EXERCISE DIRECTIONS
Do not copy the pictures. Write out the lines from the start of the entries through the line containing "## Routing (per".

LISTED RECORDS
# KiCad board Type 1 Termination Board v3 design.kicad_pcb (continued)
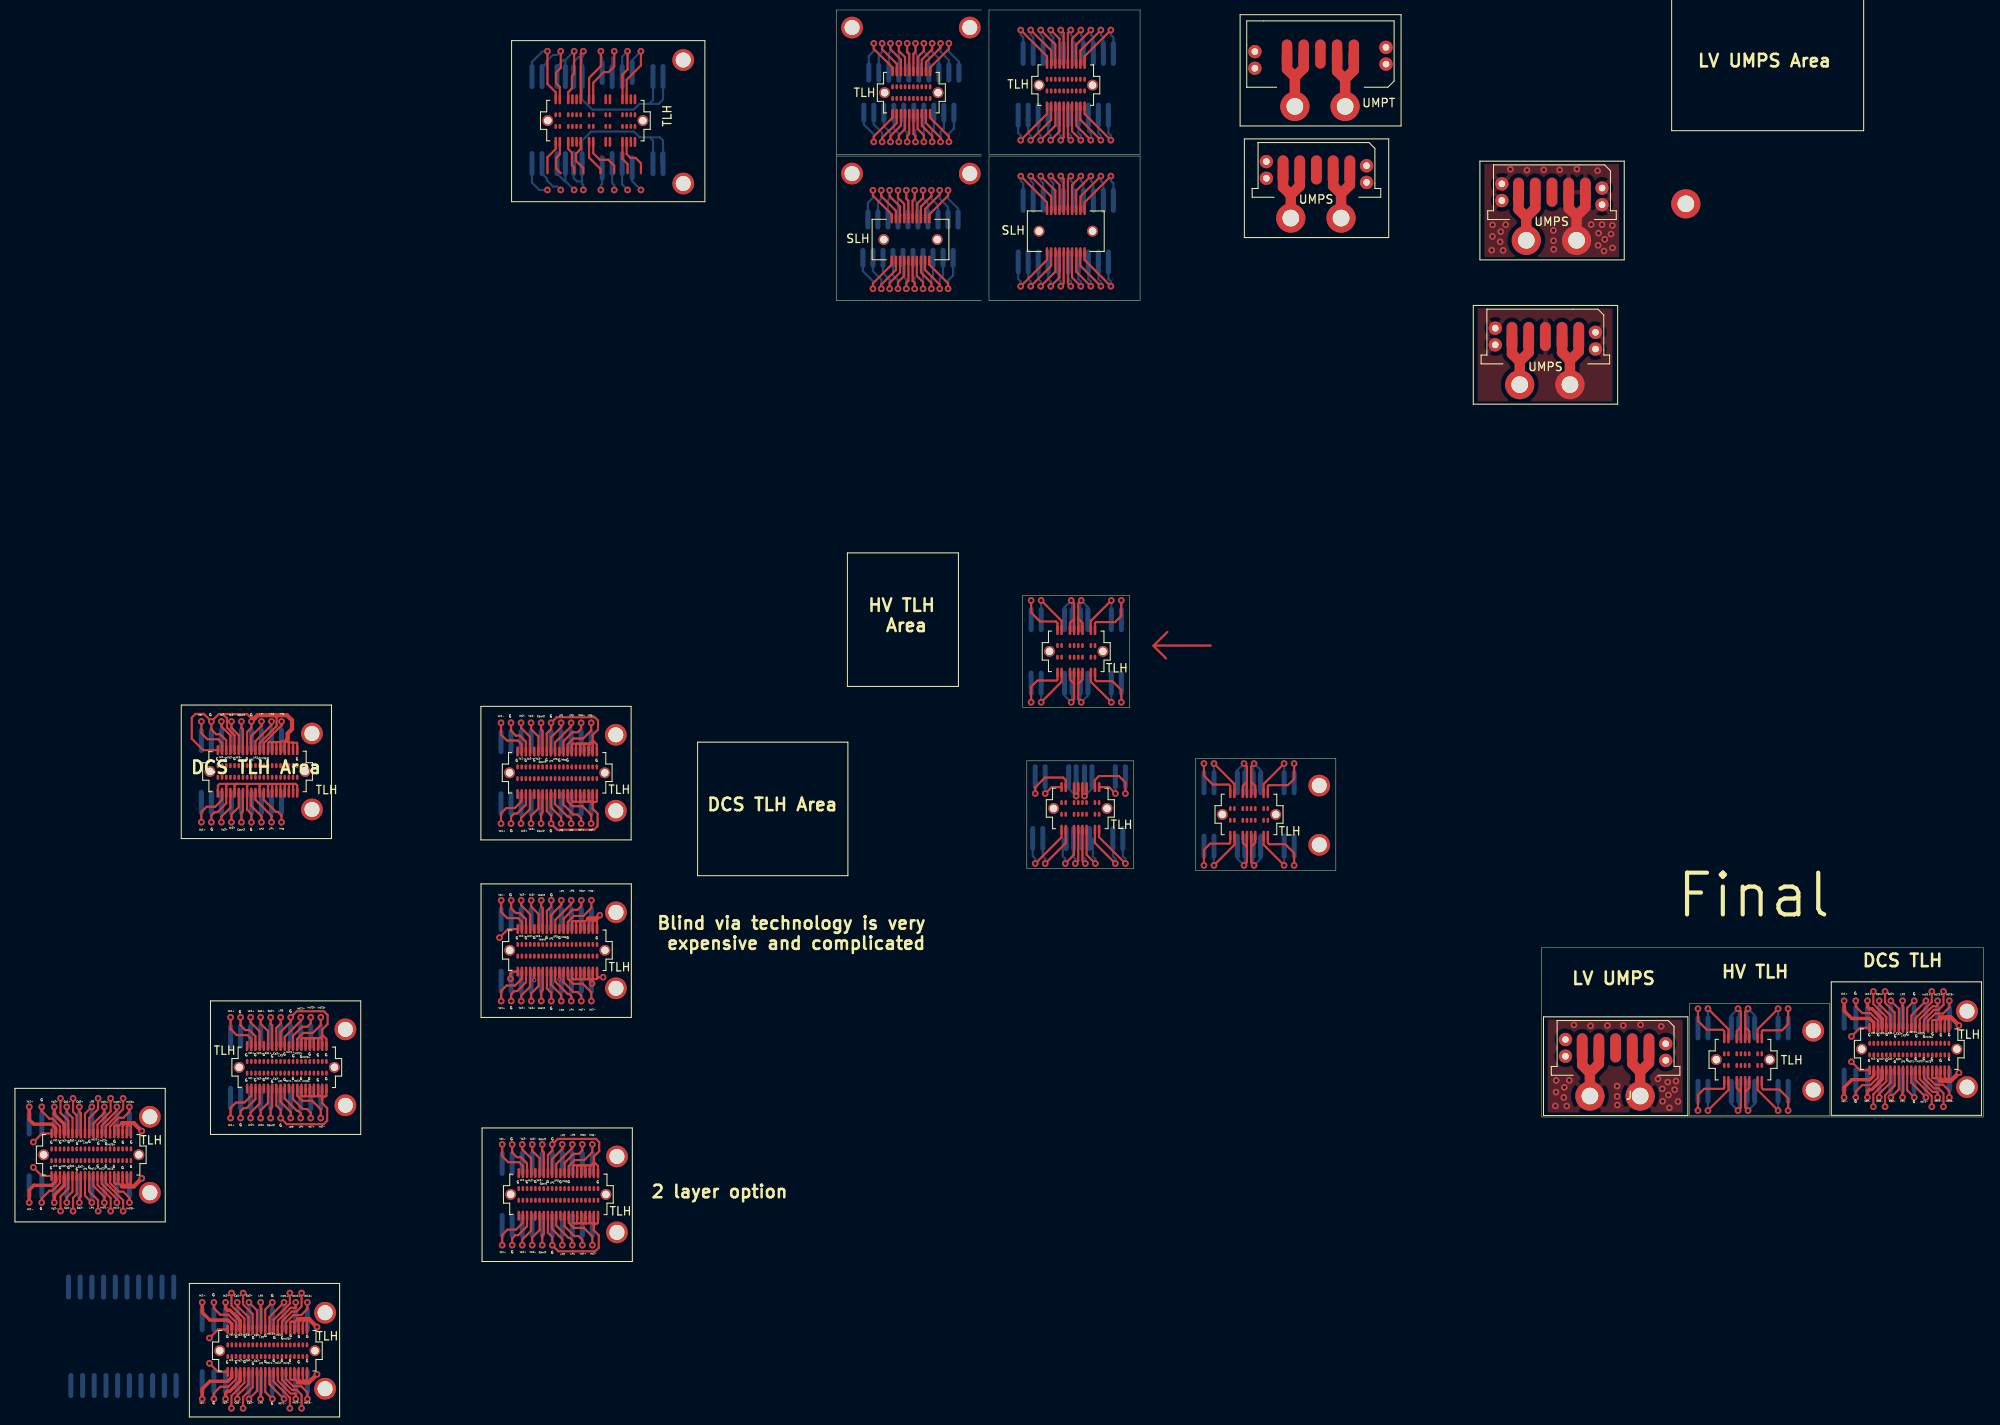
[diagram p0: board, top side]
## Routing (per net, layer and track width the routed paths; a pad name or vN(x,y) marks a point on that pad's centre or on a via; arc(x,y) is an arc through that point) (continued)
TLH#11.17 ; v1(-117.46,47.23) -117.44,47.21 -117.44,46.71 -118.68,45.47 TLH#4.29 ; -56.01,59.64 -56.01,61.54 v1(-56.36,61.89) ; -56.01,59.64 -56.06,59.64 -56.51,59.19 TLH.7 ; -56.01,59.64 TLH.6 ; -152,48.19 -152.08,48.19 ; TLH#4.16 -115.18,37.84 -115.11,37.77 -115.02,37.77 ; v1(-124.66,47.23) -124.66,45.82 -123.94,45.1 -122.64,45.1 -122.18,44.64 TLH#4.22 ; -53.02,39.97 TLH#2.1 -51.83,39.52 v1(-51.07,38.76) ; TLH#4.12 -117.18,37.42 -116,36.24 -115.51,36.24 -115.06,35.79 v1(-115.06,35.16) ; v1(-154.85,-22.22) -153.9,-23.17 TLH#12.15 ; v1(-147.85,-22.22) -147.85,-23 -148.59,-23.74 -149.54,-23.74 -150.4,-24.6 TLH#12.29 ; -151.63,44.92 -151.63,44.86 -151.57,44.8 TLH#5.35 ; TLH#11.15 -174.99,0.47 -174.99,0.47 -175.17,0.64 v1(-175.17,1.21) ; TLH#2.5 -55.02,38.7 v1(-54.77,38.45) -54.52,38.7 TLH#2.4 ; TLH#4.18 -114.18,37.84 ; TLH#4.9 -118.68,37.1 -117.46,35.88 v1(-117.46,35.16) ; v1(-124.66,35.16) -124.66,36.38 -124.02,37.02 -123,37.02 -122.18,37.84 TLH#4.2
  Top w0.4: -176.99,-7.07 -176.99,-8.2 -178.17,-9.38 v1(-178.17,-10.26) ; -177.99,-7.07 -177.99,-7.71 -178.47,-8.19 -180.62,-8.19 -181.17,-8.74 v1(-181.17,-10.26) ; v1(36.22,2.35) 36.22,3.55 37.14,4.47 39.29,4.47 39.77,4.95 39.77,5.59 ; v1(39.02,2.35) 39.02,3.07 39.24,3.29 39.54,3.29 40.77,4.52 40.77,5.59 ; v1(39.02,13.92) 39.02,13.2 39.24,12.98 39.54,12.98 40.77,11.75 TLH#13.7 ; 39.77,10.68 39.77,11.32 39.29,11.8 37.14,11.8 36.22,12.72 v1(36.22,13.92) ; -155.9,-30.55 -155.9,-31.62 -157.13,-32.85 -157.43,-32.85 -157.65,-33.07 v1(-157.65,-33.79) ; -156.9,-30.55 -156.9,-31.19 -157.38,-31.67 -159.53,-31.67 -160.45,-32.59 v1(-160.45,-33.79) ; v1(-181.17,1.21) -181.17,-0.31 -180.62,-0.86 -178.47,-0.86 -177.99,-1.34 -177.99,-1.98 ; -156.9,-25.46 -156.9,-24.82 -157.38,-24.34 -159.53,-24.34 -160.45,-23.42 v1(-160.45,-22.22) ; v1(-157.65,-22.22) -157.65,-22.94 -157.43,-23.16 -157.13,-23.16 -155.9,-24.39 TLH#12.7 ; TLH#11.7 -176.99,-0.85 -178.17,0.33 v1(-178.17,1.21)
  Top w0.5: 48.5,11.93 47.69,11.93 ; 48.5,11.93 48.7,11.93 ; 48.5,11.93 49.01,11.93 v1(49.97,10.97) ; 48.7,4.34 48.5,4.34 ; 48.5,4.34 49.01,4.34 v1(49.97,5.3) ; 48.5,4.34 47.69,4.34 ; -150.22,45.16 -150.22,45.95 -149.69,46.48 -149.69,47.53 -150.3,48.14 -153.8,48.14 v1(-154.55,47.39)
  Top w1.25: UMPT.5 -30.51,125.56 -29.57,124.62 ; -29.57,124.62 REF**#12.1 ; -29.57,124.62 -28.51,125.68 UMPT.4 ; UMPS.4 -28.99,111.56 -30.06,110.49 ; -30.06,110.49 REF**#9.1 ; -30.06,110.49 -30.99,111.42 UMPS.5 ; UMPS.2 -24.99,111.57 -24.04,110.62 ; -24.04,110.62 REF**#10.1 ; -24.04,110.62 -22.99,111.67 UMPS.1 ; -23.55,124.34 -23.55,124.39 -22.51,125.43 UMPT.1 ; -23.55,124.34 REF**#11.1 ; -23.55,124.34 -24.51,125.3 UMPT.2 ; UMPS#3.4 -1.57,91.6 -2.64,90.53 ; -2.64,90.53 -3.57,91.46 UMPS#3.5 ; -2.64,90.53 REF**#26.1
  Bottom w0.25: v1(-73.11,99.24) -73.11,100.64 -72.91,100.84 REF**#45.8 ; v1(-74.11,111.04) -74.11,110.04 -73.51,109.44 REF**#47.7 ; v1(-78.11,99.24) -78.11,100.34 -78.91,101.14 REF**#45.3 ; v1(-71.11,99.24) -71.11,100.24 -70.51,100.84 REF**#45.10 ; v1(-73.11,111.04) -73.11,110.04 -72.31,109.24 REF**#47.8 ; v1(-72.11,111.04) -72.11,110.04 -71.11,109.04 REF**#47.9 ; v1(-72.11,99.24) -72.11,100.44 -71.71,100.84 REF**#45.9 ; v1(-77.11,111.04) REF**#47.4 ; v1(-77.11,99.24) -77.11,100.24 -77.71,100.84 REF**#45.4 ; v1(-75.11,99.24) -75.11,100.54 -75.31,100.74 REF**#45.6 ; v1(-76.11,99.24) -76.11,100.34 -76.51,100.74 REF**#45.5 ; v1(-55.21,99.54) -55.21,100.11 -55.51,100.41 REF**#42.7 ; REF**#42.1 -62.71,100.41 -62.41,100.11 v1(-62.41,99.54) ; v1(-75.01,128.64) -75.01,127.44 -74.61,127.04 REF**#43.6 ; REF**#42.10 -51.91,100.41 -51.61,100.11 v1(-51.61,99.54) ; v1(-78.01,116.84) -78.01,117.94 -78.81,118.74 REF**#40.3 ; v1(-61.21,99.54) -61.21,100.11 -61.51,100.41 REF**#42.2 ; v1(-72.01,128.64) -72.01,127.64 -71.01,126.64 REF**#43.9 ; v1(-51.61,112.74) -51.61,112.17 -51.31,111.87 REF**#44.10 ; v1(-58.81,99.54) -58.81,100.11 -59.11,100.41 REF**#42.4 ; v1(-71.11,111.04) -71.11,110.04 -69.91,108.84 REF**#47.10 ; v1(-80.01,116.84) -80.01,117.74 -81.21,118.94 REF**#40.1 ; v1(-54.01,99.54) -54.01,100.11 -54.31,100.41 REF**#42.8 ; v1(-56.41,99.54) -56.41,100.11 -56.71,100.41 REF**#42.6 ; v1(-79.01,128.64) -79.01,127.64 -79.41,127.24 REF**#43.2 ; v1(-77.01,116.84) -77.01,117.84 -77.61,118.44 REF**#40.4 ; v1(-78.11,111.04) -78.11,110.04 -78.31,109.84 REF**#47.3 ; v1(-60.01,99.54) -60.01,100.11 -60.31,100.41 REF**#42.3 ; v1(-75.11,111.04) -75.11,109.84 -74.71,109.44 REF**#47.6 ; v1(-52.81,112.74) -52.81,112.17 -52.51,111.87 REF**#44.9 ; v1(-52.81,99.54) -52.81,100.11 -53.11,100.41 REF**#42.9 ; REF**#42.5 -57.91,100.41 -57.61,100.11 v1(-57.61,99.54) ; v1(-80.11,99.24) -80.11,100.14 -81.31,101.34 REF**#45.1 ; v1(-76.11,111.04) -76.11,109.94 -75.91,109.74 REF**#47.5 ; v1(-79.11,111.04) -79.11,110.04 -79.51,109.64 REF**#47.2 ; v1(-80.11,111.04) -80.11,110.14 -80.71,109.54 REF**#47.1 ; v1(-79.11,99.24) -79.11,100.34 -80.11,101.34 REF**#45.2 ; v1(-72.01,116.84) -72.01,118.04 -71.61,118.44 REF**#40.9 ; v1(-75.01,116.84) -75.01,118.14 -75.21,118.34 REF**#40.6 ; REF**#41.2 -60.91,129.37 -61.21,129.67 v1(-61.21,130.24) ; v1(-71.01,116.84) -71.01,117.84 -70.41,118.44 REF**#40.10 ; REF**#43.4 v1(-77.01,128.64) ; REF**#43.5 -75.81,127.34 -76.01,127.54 v1(-76.01,128.64) ; REF**#41.3 -59.71,129.37 -60.01,129.67 v1(-60.01,130.24) ; v1(-74.01,116.84) REF**#40.7 ; REF**#43.1 -80.61,127.14 -80.01,127.74 v1(-80.01,128.64) ; v1(-73.01,128.64) -73.01,127.64 -72.21,126.84 REF**#43.8 ; v1(-73.01,116.84) -73.01,118.24 -72.81,118.44 REF**#40.8 ; v1(-74.01,128.64) -74.01,127.64 -73.41,127.04 REF**#43.7 ; v1(-76.01,116.84) -76.01,117.94 -76.41,118.34 REF**#40.5 ; REF**#45.7 v1(-74.11,99.24) ; REF**#41.4 -58.51,129.37 -58.81,129.67 v1(-58.81,130.24) ; REF**#41.1 -62.11,129.37 -62.41,129.67 v1(-62.41,130.24) ; v1(-60.01,112.74) -60.01,112.17 -59.71,111.87 REF**#44.3 ; REF**#44.4 -58.51,111.87 -58.81,112.17 v1(-58.81,112.74) ; REF**#46.7 -55.51,117.91 -55.21,117.61 v1(-55.21,117.04) ; v1(-52.81,117.04) -52.81,117.61 -53.11,117.91 REF**#46.9 ; v1(-52.81,130.24) -52.81,129.67 -52.51,129.37 REF**#41.9 ; REF**#43.10 -69.81,126.44 -71.01,127.64 v1(-71.01,128.64) ; v1(-55.21,130.24) -55.21,129.67 -54.91,129.37 REF**#41.7 ; REF**#44.1 -62.11,111.87 -62.41,112.17 v1(-62.41,112.74) ; v1(-51.61,117.04) -51.61,117.61 -51.91,117.91 REF**#46.10 ; REF**#46.6 -56.71,117.91 -56.41,117.61 v1(-56.41,117.04) ; v1(-61.21,117.04) -61.21,117.61 -61.51,117.91 REF**#46.2 ; REF**#46.1 -62.71,117.91 -62.41,117.61 v1(-62.41,117.04) ; v1(-57.61,130.24) -57.61,129.67 -57.31,129.37 REF**#41.5 ; REF**#44.2 -60.91,111.87 -61.21,112.17 v1(-61.21,112.74) ; v1(-57.61,112.74) -57.61,112.17 -57.31,111.87 REF**#44.5 ; REF**#43.3 -78.21,127.44 -78.01,127.64 v1(-78.01,128.64) ; v1(-57.61,117.04) -57.61,117.61 -57.91,117.91 REF**#46.5 ; v1(-54.01,117.04) -54.01,117.84 -54.31,118.14 REF**#46.8 ; v1(-54.01,130.24) -54.01,129.67 -53.71,129.37 REF**#41.8 ; v1(-51.61,130.24) -51.61,129.67 -51.31,129.37 REF**#41.10 ; v1(-58.81,117.04) -58.81,117.61 -59.11,117.91 REF**#46.4 ; v1(-55.21,112.74) -55.21,112.17 -54.91,111.87 REF**#44.7 ; REF**#41.6 -56.11,129.37 -56.41,129.67 v1(-56.41,130.24) -56.41,129.94 ; v1(-60.01,117.04) -60.01,117.61 -60.31,117.91 REF**#46.3 ; REF**#44.8 -53.71,111.87 -54.01,112.17 v1(-54.01,112.74) ; REF**#40.2 -80.01,118.94 -79.01,117.94 v1(-79.01,116.84) ; v1(-56.41,112.74) -56.41,112.17 -56.11,111.87 REF**#44.6 ; v1(-54.67,30.37) -54.67,30.94 -54.97,31.24 -54.97,33.37 ; v1(-55.87,30.37) -55.87,30.94 -56.17,31.24 -56.17,33.37 ; REF**#49.9 -51.37,31.24 -51.07,30.94 v1(-51.07,30.37) ; -53.77,33.37 -53.77,31.24 -53.47,30.94 v1(-53.47,30.37) ; REF**#49.2 -59.77,31.24 -59.47,30.94 v1(-59.47,30.37) ; v1(-57.07,30.37) -57.07,30.94 -57.37,31.24 -57.37,33.37 ; REF**#49.1 -60.97,31.24 -60.67,30.94 v1(-60.67,30.37) ; v1(-49.87,30.37) -49.87,30.94 -50.17,31.24 REF**#49.10 ; -119.3,126.17 -119.77,125.7 ; -119.3,126.17 -119.75,125.72 Pad_Array_4#2.2 ; -119.3,126.17 -119.19,126.28 -119.19,126.51 -118.44,127.26 -117.92,127.26 -117.52,127.66 ; Pad_Array_4#2.7 -112.55,126.98 -112.7,127.13 v1(-112.7,127.7) -112.75,127.65 ; -116.95,126.65 -117.16,126.65 -117.95,125.87 Pad_Array_4#2.3 ; -116.95,126.65 v1(-115.9,127.7) ; -116.95,126.65 Pad_Array_4#2.4 ; v1(-117.5,111.08) -117.9,111.48 -118.42,111.48 -119.17,112.23 -119.17,112.46 -119.75,113.04 Pad_Array_4.2 ; -106.45,115.44 Pad_Array_4.11 -106.45,116.99 -106.85,117.39 ; -114.95,126.98 -114.8,127.13 v1(-114.8,127.7) ; -114.95,126.98 -115.38,126.98 -115.95,126.42 Pad_Array_4#2.5 -115.95,125.87 ; -114.95,126.98 Pad_Array_4#2.6 -114.95,121.92 -114.55,121.52 -114.55,121.52 -113.74,120.71 -108.75,120.71 -108.07,121.39 -107.11,121.39 ; Pad_Array_4#2.1 -120.95,126.42 -119.67,127.7 v1(-119.1,127.7) ; -115.95,113.04 Pad_Array_4.5 -115.95,112.49 -115.57,112.11 -114.95,112.11 ; -116.95,112.13 Pad_Array_4.4 ; -116.95,112.13 v1(-115.9,111.08) ; -116.95,112.13 -117.04,112.13 -117.95,113.04 Pad_Array_4.3 ; -107.11,121.39 -106.92,121.39 -106.45,121.86 Pad_Array_4#2.11 ; -107.11,121.39 -105.77,121.39 -105.25,121.91 Pad_Array_4#2.12 ; -105.45,115.44 -105.45,114.24 ; -119.74,124.55 -119.74,125.75 ; v1(-111.1,127.7) -111.1,127.13 -111.35,126.88 Pad_Array_4#2.8 ; Pad_Array_4#2.9 -110.15,127.05 v1(-109.5,127.7) ; Pad_Array_4.1 -120.95,111.95 -120.08,111.08 v1(-119.1,111.08) ; Pad_Array_4#2.10 -108.95,126.65 v1(-107.9,127.7) ; v1(-114.8,111.08) -114.8,111.65 -114.93,111.78 -114.95,111.78 -114.95,112.11 ; -114.95,112.11 Pad_Array_4.6 -114.95,116.99 -113.87,118.07 -108.75,118.07 -108.07,117.39 -105.65,117.39 -105.25,116.99 Pad_Array_4.12 ; v1(-107.9,111.08) -108.97,112.15 -108.97,113.72 Pad_Array_4.10 ; v1(-112.7,111.08) -112.7,111.65 -112.55,111.8 Pad_Array_4.7 ; v1(-109.5,111.08) -110.15,111.73 Pad_Array_4.9 ; v1(-111.1,111.08) -111.1,111.66 -111.35,111.91 Pad_Array_4.8 ; -112.75,111.13 -112.7,111.09 ; REF**#51.9 v1(-59.96,49.69) ; REF**#51.10 v1(-61.16,49.69) ; REF**#51.7 -57.16,50.49 v1(-56.36,49.69) -56.26,49.79 REF**#51.6 ; REF**#51.2 v1(-51.56,49.69) ; REF**#51.1 v1(-50.36,49.69) ; REF**#51.4 -54.36,50.49 v1(-55.16,49.69) -55.26,49.79 REF**#51.5 ; v1(-154.55,35.31) REF**#54.6 ; v1(-153.35,35.32) REF**#54.7 ; v1(-150.95,35.32) REF**#54.9 ; v1(-155.75,35.32) REF**#54.5 ; v1(-152.15,47.39) REF**#55.8 ; v1(-159.35,47.39) REF**#55.2 ; v1(-153.35,47.39) REF**#55.7 ; v1(-160.55,47.39) REF**#55.1 ; v1(-158.15,35.32) REF**#54.3 ; v1(-156.95,47.39) REF**#55.4 ; v1(-159.35,35.32) REF**#54.2 ; v1(-154.55,47.39) REF**#55.6 ; v1(-158.15,47.39) REF**#55.3 ; v1(-160.55,35.32) REF**#54.1 ; v1(-155.75,47.39) REF**#55.5 ; v1(-150.95,47.39) REF**#55.9 ; v1(-156.95,35.32) REF**#54.4 ; v1(-152.15,35.32) REF**#54.8 ; v1(-152.25,11.94) REF**#56.5 ; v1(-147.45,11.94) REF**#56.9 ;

RESULT OF THIS TASK
# KiCad board Type 1 Termination Board v3 design.kicad_pcb (continued)
[diagram p0: board, top side]
## Routing (per net, layer and track width the routed paths; a pad name or vN(x,y) marks a point on that pad's centre or on a via; arc(x,y) is an arc through that point) (continued)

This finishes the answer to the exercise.